Xberg is a Rust-core document extraction library that pulls text, tables, metadata, and structured data from 96 file formats, with native bindings for 15 languages and multiple deployment modes. It's a rebranded continuation of Kreuzberg, aimed at developers building RAG pipelines, document processing services, or anything that needs to reliably crack open PDFs, Office files, and images at scale.
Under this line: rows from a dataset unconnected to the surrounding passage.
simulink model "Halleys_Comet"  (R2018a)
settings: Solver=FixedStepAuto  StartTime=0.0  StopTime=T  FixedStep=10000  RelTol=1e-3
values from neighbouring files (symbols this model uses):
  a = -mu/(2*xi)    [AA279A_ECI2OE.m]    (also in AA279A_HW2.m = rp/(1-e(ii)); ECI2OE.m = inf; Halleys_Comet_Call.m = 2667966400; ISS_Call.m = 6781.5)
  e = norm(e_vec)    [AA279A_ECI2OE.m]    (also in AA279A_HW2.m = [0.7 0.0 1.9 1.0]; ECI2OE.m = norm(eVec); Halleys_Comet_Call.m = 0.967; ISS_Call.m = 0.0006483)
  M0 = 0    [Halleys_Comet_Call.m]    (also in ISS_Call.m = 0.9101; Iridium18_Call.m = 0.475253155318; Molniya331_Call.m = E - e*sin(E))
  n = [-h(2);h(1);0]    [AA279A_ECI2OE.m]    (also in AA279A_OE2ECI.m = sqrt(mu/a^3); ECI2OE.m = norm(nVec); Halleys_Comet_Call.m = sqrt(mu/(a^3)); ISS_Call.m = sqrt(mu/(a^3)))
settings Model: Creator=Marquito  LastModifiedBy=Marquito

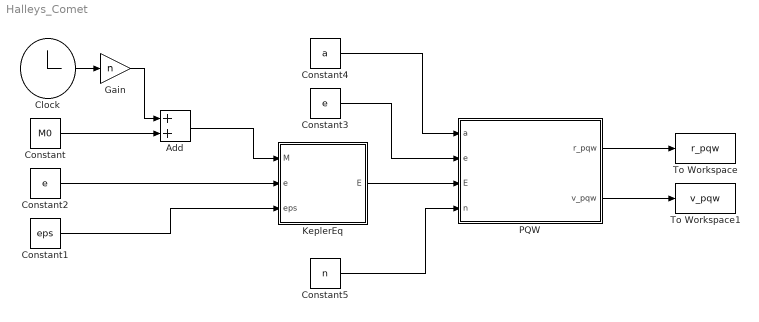
== system Halleys_Comet ==
  Add : Sum
  Clock : Clock
  Constant : Constant  Value=M0
  Constant1 : Constant  Value=eps
  Constant2 : Constant  Value=e
  Constant3 : Constant  Value=e
  Constant4 : Constant  Value=a
  Constant5 : Constant  Value=n
  Gain : Gain  Gain=n
  KeplerEq : MATLAB Function  TreatAsAtomicUnit=on
  PQW : MATLAB Function  TreatAsAtomicUnit=on
  To Workspace : ToWorkspace  VariableName=r_pqw  SampleTime=-1
  To Workspace1 : ToWorkspace  VariableName=v_pqw  SampleTime=-1
  wires:
  Clock/1 -> Gain/1
  Add/1 -> KeplerEq/1(M)
  KeplerEq/1(E) -> PQW/3(E)
  PQW/1(r_pqw) -> To Workspace/1
  PQW/2(v_pqw) -> To Workspace1/1
  Constant/1 -> Add/2
  Gain/1 -> Add/1
  Constant2/1 -> KeplerEq/2(e)
  Constant1/1 -> KeplerEq/3(eps)
  Constant3/1 -> PQW/2(e)
  Constant4/1 -> PQW/1(a)
  Constant5/1 -> PQW/4(n)

== matlab function Halleys_Comet/PQW ==
  data: a input; r_pqw output; e input; E input; v_pqw output; n input
function [r_pqw, v_pqw] = PQW(a, e, E, n)
% Compute Radius and Velocity of Orbit in Perifocal Coordinates
r_pqw = [a*(cos(E) - e); a*sqrt(1 - e^2)*sin(E); 0];
v_pqw = (a*n)/(1 - e*cos(E))*[-sin(E); sqrt(1 - e^2)*cos(E); 0];
end

== matlab function Halleys_Comet/KeplerEq ==
  data: M input; E output; e input; eps input
function E = KeplerEq(M,e,eps)
% Function solves Kepler's equation M = E-e*sin(E)
% Input - Mean Anomaly M [rad], Eccentricity e, and Epsilon 
% Output - Eccentric anomaly E [rad] 
En  = M;
Ens = En - (En-e*sin(En)- M)/(1 - e*cos(En));
while ( abs(Ens-En) > eps )
	En = Ens;
	Ens = En - (En - e*sin(En) - M)/(1 - e*cos(En));
end
E = Ens;
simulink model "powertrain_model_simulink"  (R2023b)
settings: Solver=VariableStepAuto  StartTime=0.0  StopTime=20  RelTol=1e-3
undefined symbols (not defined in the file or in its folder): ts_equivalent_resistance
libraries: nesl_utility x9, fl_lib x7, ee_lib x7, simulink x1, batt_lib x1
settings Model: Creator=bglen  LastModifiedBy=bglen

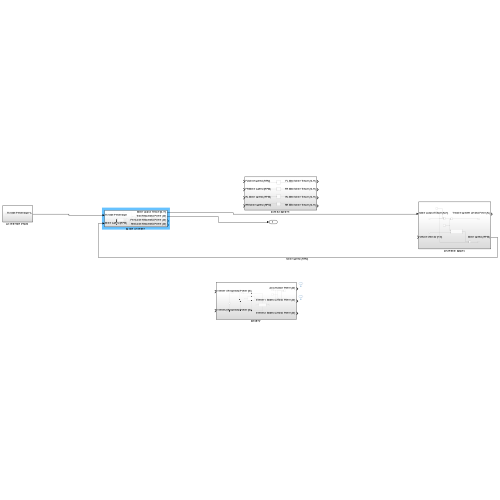
[thumbnail: Simulink's stored preview of the top-level diagram]
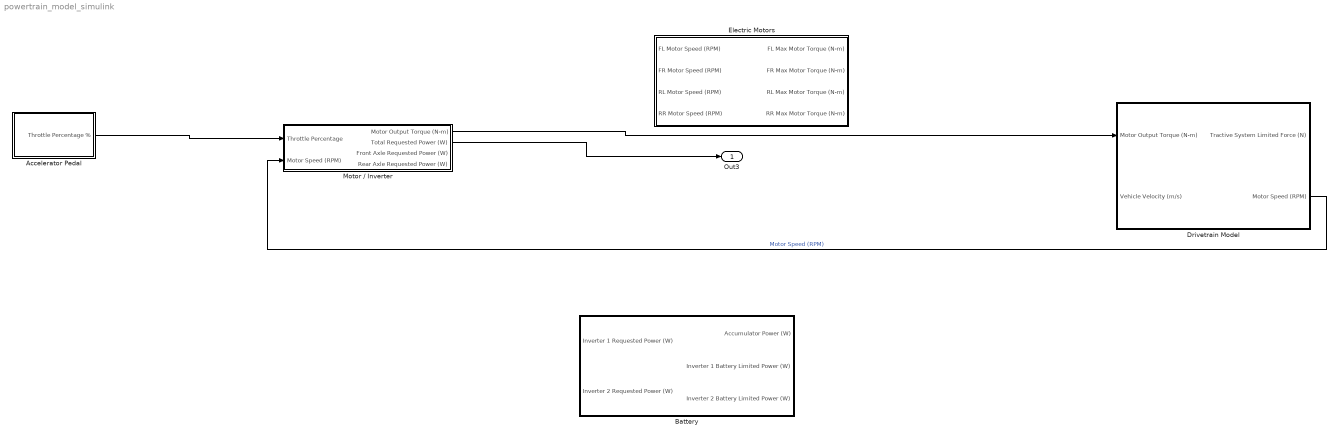
== system powertrain_model_simulink ==
  Accelerator Pedal : Subsystem
  Battery : Subsystem
  Drivetrain Model : Subsystem
  Electric Motors : Subsystem
  Motor / Inverter : Subsystem
  Out3 : Outport
  wires:
  Motor / Inverter/1(Motor Output Torque (N-m)) -> Drivetrain Model/1(Motor Output Torque (N-m))
  Motor / Inverter/2(Total Requested Power (W)) -> Out3/1
  Accelerator Pedal/1(Throttle Percentage %) -> Motor / Inverter/1(Throttle Percentage)
  Drivetrain Model/2(Motor Speed (RPM)) -> Motor / Inverter/2(Motor Speed (RPM))  "Motor Speed (RPM)"

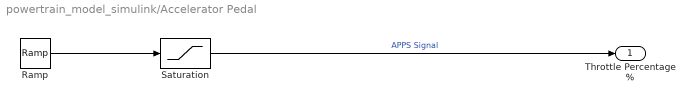
== system powertrain_model_simulink/Accelerator Pedal ==
  Ramp : simulink/Sources/Ramp  slope=4  start=0  InitialOutput=0
  Saturation : Saturate  UpperLimit=1  LowerLimit=0
  Throttle Percentage % : Outport
  wires:
  Saturation/1 -> Throttle Percentage %/1  "APPS Signal"
  Ramp/1 -> Saturation/1

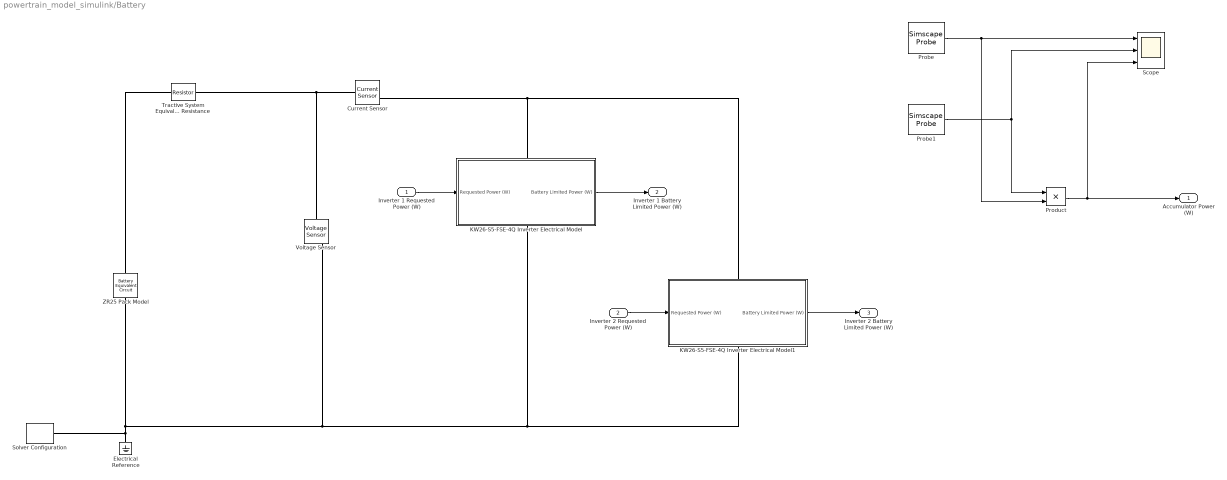
== system powertrain_model_simulink/Battery ==
  Inverter 1 Requested Power (W) : Inport
  Inverter 2 Requested Power (W) : Inport  Port=2
  Current Sensor : fl_lib/Electrical/Electrical Sensors/Current Sensor
  Electrical Reference : fl_lib/Electrical/Electrical Elements/Electrical Reference
  KW26-S5-FSE-4Q Inverter Electrical Model : Subsystem
      settings: PortSchema="{\"entries\":[{\"content\":{\"sides\":[{\"content\":{\"connectorIds\":[\"In1\"]},\"type\":\"ConnectorPlacement.EquallySpacedRectSide\",\"uuid\":\"23f200cd-6174-4ea5-b281-640ad05ed590\"},{\"content\":{\"connectorIds\":[\"Out1\"],\"side\":\"RIGHT\"},\"type\":\"ConnectorPlacement.EquallySpacedRectSide\",\"uuid\":\"19e54f00-a657-433d-b717-823657cd0153\"},{\"content\":{\"connectorIds\":[\"LConn1\"],\"side\":\"TOP\"},\"type\":\"ConnectorPlacement.EquallySpacedRectSide\",\"uuid\":\"a44b7635-6f3a-41c2-8d23-941c3ed86804\"},{\"content\":{\"connectorIds\":[\"RConn1\"],\"side\":\"BOTTOM\"},\"type\":\"ConnectorPlacement.EquallySpacedRectSide\",\"uuid\":\"02d96f81-f414-45e4-b3a2-9210237ffb13\"}]},\"type\":\"ConnectorPlacement.EquallySpacedConnector\",\"uuid\":\"152a73da-5f7e-4c02-a782-729b53bb1c10\"}],\"packageUris\":[\"http://schema.mathworks.com/mf0/Connector/R2020b\"],\"version\":\"1.0\"}"
  KW26-S5-FSE-4Q Inverter Electrical Model1 : Subsystem
      settings: PortSchema="{\"entries\":[{\"content\":{\"sides\":[{\"content\":{\"connectorIds\":[\"In1\"]},\"type\":\"ConnectorPlacement.EquallySpacedRectSide\",\"uuid\":\"23f200cd-6174-4ea5-b281-640ad05ed590\"},{\"content\":{\"connectorIds\":[\"Out1\"],\"side\":\"RIGHT\"},\"type\":\"ConnectorPlacement.EquallySpacedRectSide\",\"uuid\":\"19e54f00-a657-433d-b717-823657cd0153\"},{\"content\":{\"connectorIds\":[\"LConn1\"],\"side\":\"TOP\"},\"type\":\"ConnectorPlacement.EquallySpacedRectSide\",\"uuid\":\"a44b7635-6f3a-41c2-8d23-941c3ed86804\"},{\"content\":{\"connectorIds\":[\"RConn1\"],\"side\":\"BOTTOM\"},\"type\":\"ConnectorPlacement.EquallySpacedRectSide\",\"uuid\":\"02d96f81-f414-45e4-b3a2-9210237ffb13\"}]},\"type\":\"ConnectorPlacement.EquallySpacedConnector\",\"uuid\":\"152a73da-5f7e-4c02-a782-729b53bb1c10\"}],\"packageUris\":[\"http://schema.mathworks.com/mf0/Connector/R2020b\"],\"version\":\"1.0\"}"
  Probe : SimscapeProbe  BoundBlock=271  Variables={V}
  Probe1 : SimscapeProbe  BoundBlock=272  Variables={I}
  Product : Product
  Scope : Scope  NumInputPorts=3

The Rust core means it's fast and memory-safe; the binding breadth means your language of choice is probably covered.

The polyglot binding story is genuinely impressive — Go, Rust, Python, Node, C#, Java, Swift, Dart, Zig, and more, all apparently generated from a single binding tool (alef). The caching layer using content-hash keys is the right call for production workloads where the same document gets submitted repeatedly. The OCR backend abstraction with pluggable fallback chains (Tesseract → PaddleOCR → Candle → VLM) means you can tune cost vs. accuracy without rewriting your integration. MCP server support is a practical addition that makes it drop-in compatible with Claude Desktop and similar AI coding tools.

This is v1 of a rebranded project, and the README's scope is so wide it reads like a features-not-shipped list — 96 formats, 306 languages, 15 bindings, embeddings, NER, transcription, token reduction, structured LLM extraction. That's not a library, it's a platform, and first versions of platforms usually have several weak links. The audio/video support is transcription-only (audio track extracted, fed to Whisper), which is fine but the table implies broader video intelligence. The `.ai-rulez/` directory with agent rules baked into the repo is a non-obvious governance pattern that will confuse contributors who aren't using AI coding tools. No changelog for the v1 line is visible in the tree, making it hard to know what actually changed from Kreuzberg.